◆ Activity ◆
Copy each line of the following data that contains "point".

START Data in this exercise

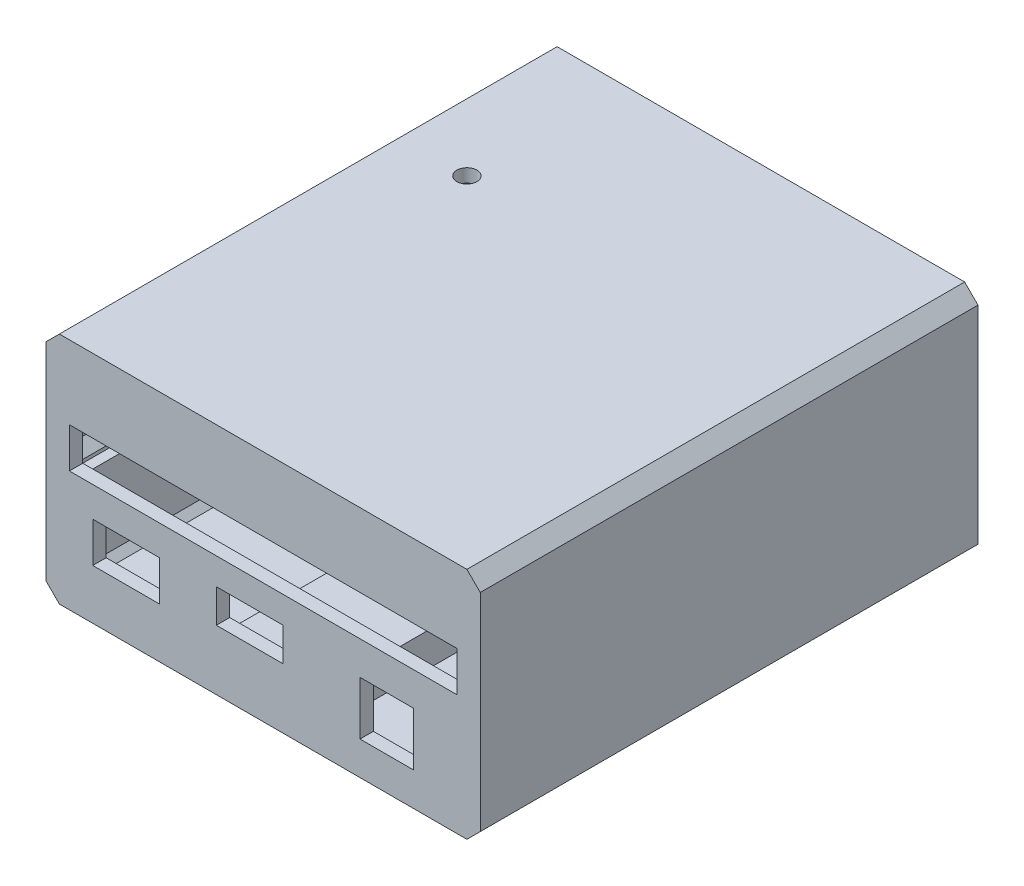
SolidWorks part; units mm, degrees
ref_plane "Alzado" through (0, 0, 0) normal (0, 0, 1) x (1, 0, 0)
ref_plane "Planta" through (0, 0, 0) normal (0, 1, 0) x (1, 0, 0)
ref_plane "Vista lateral" through (0, 0, 0) normal (1, 0, 0) x (0, 0, -1)
sketch "Croquis1" plane through (0, 0, 0) normal (0, 0, 1) x (1, 0, 0)
  line L0 (-29, 6.5) -> (-29, 0.5)
  line L1 (-32.5, -17.5) -> (32.5, -17.5)
  line L2 (-32.5, -17.5) -> (-32.5, 17.5)
  line L3 (-32.5, 17.5) -> (32.5, 17.5)
  line L4 (32.5, -17.5) -> (32.5, 17.5)
  line L5 (-32.5, -17.5) -> (32.5, 17.5) construction
  line L6 (-32.5, 17.5) -> (32.5, -17.5) construction
  line L7 (-32.5, 0.5) -> (32.5, 0.5)
  line L8 (-32.5, 0.5) -> (-32.5, 6.5)
  line L9 (-32.5, 6.5) -> (32.5, 6.5)
  line L10 (32.5, 0.5) -> (32.5, 6.5)
  line L11 (29, 6.5) -> (29, 0.5)
  line L13 (-7, -8.5) -> (3, -8.5)
  line L14 (-7, -8.5) -> (-7, -3.5)
  line L15 (-7, -3.5) -> (3, -3.5)
  line L16 (3, -8.5) -> (3, -3.5)
  line L17 (-7, -8.5) -> (3, -3.5) construction
  line L18 (-7, -3.5) -> (3, -8.5) construction
  line L19 (14.5, -12.5) -> (22.5, -12.5)
  line L20 (14.5, -12.5) -> (14.5, -4.5)
  line L21 (14.5, -4.5) -> (22.5, -4.5)
  line L22 (22.5, -12.5) -> (22.5, -4.5)
  line L23 (14.5, -12.5) -> (22.5, -4.5) construction
  line L24 (14.5, -4.5) -> (22.5, -12.5) construction
  line L25 (-25.5, -4) -> (-15.5, -4)
  line L26 (-25.5, -4) -> (-25.5, -10)
  line L27 (-25.5, -10) -> (-15.5, -10)
  line L28 (-15.5, -4) -> (-15.5, -10)
  line L29 (-25.5, -4) -> (-15.5, -10) construction
  line L30 (-25.5, -10) -> (-15.5, -4) construction
  point P0 (0, 0)
  point P14 (18.5, -8.5)
  point P15 (-2, -6)
  point P24 (-20.5, -7)
  dimension "D1" = 35
  dimension "D2" = 65
  dimension "D3" = 0.5
  dimension "D4" = 6
  dimension "D5" = 3.5
  dimension "D6" = 3.5
  dimension "D7" = 10
  dimension "D8" = 5
  dimension "D9" = 6
  dimension "D10" = 8
  dimension "D11" = 8
  dimension "D12" = 12
  dimension "D13" = 30.5
  dimension "D14" = 6
  dimension "D15" = 10
  dimension "D16" = 7
  dimension "D17" = 9
  dimension "D18" = 51
extrude "Saliente-Extruir1" add sketch "Croquis1" along normal blind 2 contours L2 L9 L4 L3 | L9 L2 L7 L0 | L9 L11 L7 L4 | L7 L2 L1 L4 L22 L19 L20 L21 L16 L13 L14 L15 L25 L28 L27 L26
sketch "Croquis2" plane through (0, 0, 0) normal (0, 0, -1) x (-1, 0, 0)
  line L0 (30.5, 15.5) -> (-30.5, 15.5)
  line L1 (-30.5, 15.5) -> (-30.5, -15.5)
  line L2 (-30.5, -15.5) -> (30.5, -15.5)
  line L3 (30.5, -15.5) -> (30.5, 15.5)
  line L4 (-32.5, -17.5) -> (32.5, -17.5)
  line L5 (32.5, -17.5) -> (32.5, 17.5)
  line L6 (32.5, 17.5) -> (-32.5, 17.5)
  line L7 (-32.5, 17.5) -> (-32.5, -17.5)
  line L8 (-32.5, -17.5) -> (32.5, -17.5)
  line L9 (32.5, -17.5) -> (32.5, 17.5)
  line L10 (32.5, 17.5) -> (-32.5, 17.5)
  line L11 (-32.5, 17.5) -> (-32.5, -17.5)
  dimension "D1" = 0
  dimension "D2" = 2
extrude "Saliente-Extruir2" add sketch "Croquis2" along normal blind 71
sketch "Croquis3" plane through (0, 0, 0) normal (0, 0, -1) x (-1, 0, 0)
  line L0 (-30.5, 0) -> (30.5, 0) construction
  line L1 (-30.5, 15.5) -> (-30.5, -15.5) construction
  line L2 (30.5, -15.5) -> (30.5, 15.5) construction
  line L3 (-30.5, 1) -> (-29, 1)
  line L4 (-29, 1) -> (-30.5, 2.5)
  line L5 (-30.5, 1) -> (-30.5, 2.5)
  line L6 (-30.5, -1) -> (-30.5, -2.5)
  line L7 (-29, -1) -> (-30.5, -2.5)
  line L8 (-30.5, -1) -> (-29, -1)
  line L9 (0, 15.5) -> (0, -15.5) construction
  line L10 (30.5, 15.5) -> (-30.5, 15.5) construction
  line L11 (-30.5, -15.5) -> (30.5, -15.5) construction
  line L12 (30.5, -1) -> (29, -1)
  line L13 (29, -1) -> (30.5, -2.5)
  line L14 (30.5, -1) -> (30.5, -2.5)
  line L15 (30.5, 1) -> (30.5, 2.5)
  line L16 (29, 1) -> (30.5, 2.5)
  line L17 (30.5, 1) -> (29, 1)
  dimension "D1" = 1.5
  dimension "D2" = 1.5
  dimension "D3" = 1
extrude "Saliente-Extruir3" add sketch "Croquis3" along normal blind 70
sketch "Croquis9" plane through (0, 17.5, 0) normal (0, 1, 0) x (1, 0, 0)
  circle A0 centre (-20.5, 49) radius 1.5
  dimension "D1" = 20.5
  dimension "D3" = 3
  dimension "D4" = 49
extrude "Cortar-Extruir2" cut sketch "Croquis9" against normal up to next
chamfer "Chaflán3" distance 2 angle 45 4 edges at (32.5, -17.5, -34.5) (-32.5, -17.5, -34.5) (32.5, 17.5, -34.5) (-32.5, 17.5, -34.5)
chamfer "Chaflán2" distance 1 angle 45 4 edges at (-30.5, 15.5, -35.5) (-30.5, -15.5, -35.5) (30.5, -15.5, -35.5) (30.5, 15.5, -35.5)
sketch "Sketch1" plane through (0, 0, -71) normal (0, 0, -1) x (-1, 0, 0)
  line L0 (-31.55, 15.1065) -> (-31.55, -15.1065)
  line L1 (-31.55, -15.1065) -> (-30.1065, -16.55)
  line L2 (-30.1065, -16.55) -> (30.1065, -16.55)
  line L3 (30.1065, -16.55) -> (31.55, -15.1065)
  line L4 (31.55, -15.1065) -> (31.55, 15.1065)
  line L5 (31.55, 15.1065) -> (30.1065, 16.55)
  line L6 (30.1065, 16.55) -> (-30.1065, 16.55)
  line L7 (-30.1065, 16.55) -> (-31.55, 15.1065)
  line L8 (-32.5, 15.5) -> (-32.5, -15.5)
  line L9 (-32.5, -15.5) -> (-30.5, -17.5)
  line L10 (-30.5, -17.5) -> (30.5, -17.5)
  line L11 (30.5, -17.5) -> (32.5, -15.5)
  line L12 (32.5, -15.5) -> (32.5, 15.5)
  line L13 (32.5, 15.5) -> (30.5, 17.5)
  line L14 (30.5, 17.5) -> (-30.5, 17.5)
  line L15 (-30.5, 17.5) -> (-32.5, 15.5)
  line L16 (-32.5, 15.5) -> (-32.5, -15.5)
  line L17 (-32.5, -15.5) -> (-30.5, -17.5)
  line L18 (-30.5, -17.5) -> (30.5, -17.5)
  line L19 (30.5, -17.5) -> (32.5, -15.5)
  line L20 (32.5, -15.5) -> (32.5, 15.5)
  line L21 (32.5, 15.5) -> (30.5, 17.5)
  line L22 (30.5, 17.5) -> (-30.5, 17.5)
  line L23 (-30.5, 17.5) -> (-32.5, 15.5)
  dimension "D1" = 0
  dimension "D2" = 0.95
extrude "Boss-Extrude1" add sketch "Sketch1" along normal blind 1.5
chamfer "Chamfer1" distance 0.1 distance2 1.5 8 edges at (0, -16.55, -72.5) (-30.8282, -15.8282, -72.5) (-31.55, 0, -72.5) (-30.8282, 15.8282, -72.5) (0, 16.55, -72.5) (30.8282, 15.8282, -72.5) (31.55, 0, -72.5) (30.8282, -15.8282, -72.5)
sketch "Sketch2" plane through (0, 0, -72.5) normal (0, 0, -1) x (-1, 0, 0)
  line L0 (-31.65, -15.1479) -> (-31.65, 15.1479) construction
  line L1 (-32.15, -1) -> (-31.15, -1)
  line L2 (-32.15, -1) -> (-32.15, 1)
  line L3 (-32.15, 1) -> (-31.15, 1)
  line L4 (-31.15, -1) -> (-31.15, 1)
  line L5 (-32.15, -1) -> (-31.15, 1) construction
  line L6 (-32.15, 1) -> (-31.15, -1) construction
  line L7 (31.65, 15.1479) -> (31.65, -15.1479) construction
  line L8 (31.15, -1) -> (32.15, -1)
  line L9 (31.15, -1) -> (31.15, 1)
  line L10 (31.15, 1) -> (32.15, 1)
  line L11 (32.15, -1) -> (32.15, 1)
  line L12 (31.15, -1) -> (32.15, 1) construction
  line L13 (31.15, 1) -> (32.15, -1) construction
  point P0 (-31.65, 0)
  point P7 (31.65, 0)
  dimension "D1" = 2
  dimension "D2" = 1
  dimension "D3" = 1
  dimension "D4" = 2
extrude "Boss-Extrude2" add sketch "Sketch2" against normal blind 0.5
sketch "Sketch3" plane through (0, -17.5, 0) normal (0, -1, 0) x (1, 0, 0)
  line L0 (0, 2) -> (0, -18) construction
  line L1 (-30.5, 2) -> (30.5, 2) construction
  line L3 (7.5, -8) -> (-7.5, -8)
  line L4 (7.5, -8) -> (7.5, -28)
  line L5 (7.5, -28) -> (-7.5, -28)
  line L6 (-7.5, -8) -> (-7.5, -28)
  line L7 (7.5, -8) -> (-7.5, -28) construction
  line L8 (7.5, -28) -> (-7.5, -8) construction
  dimension "D1" = 20
  dimension "D2" = 15
  dimension "D3" = 20
extrude "Boss-Extrude3" add sketch "Sketch3" against normal blind 7
sketch "Sketch4" plane through (0, -17.5, 0) normal (0, -1, 0) x (1, 0, 0)
  line L0 (0, 2) -> (0, -18) construction
  line L1 (-30.5, 2) -> (30.5, 2) construction
  line L3 (-6.5, -27) -> (6.5, -27)
  line L4 (-6.5, -27) -> (-6.5, -9)
  line L5 (-6.5, -9) -> (6.5, -9)
  line L6 (6.5, -27) -> (6.5, -9)
  line L7 (-6.5, -27) -> (6.5, -9) construction
  line L8 (-6.5, -9) -> (6.5, -27) construction
  dimension "D1" = 20
  dimension "D2" = 13
  dimension "D3" = 18
extrude "Cut-Extrude1" cut sketch "Sketch4" against normal blind 5
sketch "Sketch5" plane through (0, 0, -9) normal (0, 0, -1) x (-1, 0, 0)
  line L1 (6.5, -17.5) -> (-6.5, -17.5)
  line L2 (6.5, -17.5) -> (6.5, -15)
  line L3 (6.5, -15) -> (-6.5, -15)
  line L4 (-6.5, -17.5) -> (-6.5, -15)
  line L5 (-6.5, -12.5) -> (-6.5, -17.5) construction
  point P4 (-6.0318, -15.0053)
  point P7 (0, 0)
  dimension "D1" = 2.5
extrude "Boss-Extrude4" add sketch "Sketch5" along normal blind 12
chamfer "Chamfer2" distance 5 angle 60 1 edges at (0, -15.5, -28)
chamfer "Chamfer3" distance 5 angle 60 1 edges at (0, -17.5, -27)
chamfer "Chamfer4" distance 3 angle 30 1 edges at (0, -15, -21)
sketch "Sketch6" plane through (0, 0, -8) normal (0, 0, 1) x (1, 0, 0)
  line L4 (-7.5, -10.5) -> (-7.5, -15.5)
  line L5 (-7.5, -15.5) -> (7.5, -15.5)
  line L6 (7.5, -15.5) -> (7.5, -10.5)
  line L7 (7.5, -10.5) -> (-7.5, -10.5)
  line L8 (-7.5, -10.5) -> (-7.5, -15.5)
  line L9 (-7.5, -15.5) -> (7.5, -15.5)
  line L10 (7.5, -15.5) -> (7.5, -10.5)
  line L11 (7.5, -10.5) -> (-7.5, -10.5)
  dimension "D1" = 0
extrude "Boss-Extrude5" add sketch "Sketch6" along normal up to next
sketch "Sketch7" plane through (0, -3.4558, 1.9952) normal (0, 0.866, -0.5) x (1, 0, 0)
  line L0 (6.5, 23.0885) -> (-6.5, 23.0885) construction
  line L1 (6.5, 23.0885) -> (-3.3659, 23.0885)
  line L2 (6.5, 23.0885) -> (6.5, 22.5885)
  line L3 (6.5, 22.5885) -> (-3.3659, 22.5885)
  line L4 (-3.3659, 23.0885) -> (-3.3659, 22.5885)
  line L5 (6.5, 26.5526) -> (6.5, 23.0885) construction
  dimension "D1" = 0.5
extrude "Boss-Extrude6" add sketch "Sketch7" along direction (0, 0, 1) on the side against the normal offset from surface (1 mm away) 8

END Data in this exercise

◆ Output ◆
  point P0 (0, 0)
  point P14 (18.5, -8.5)
  point P15 (-2, -6)
  point P24 (-20.5, -7)
  point P0 (-31.65, 0)
  point P7 (31.65, 0)
  point P4 (-6.0318, -15.0053)
  point P7 (0, 0)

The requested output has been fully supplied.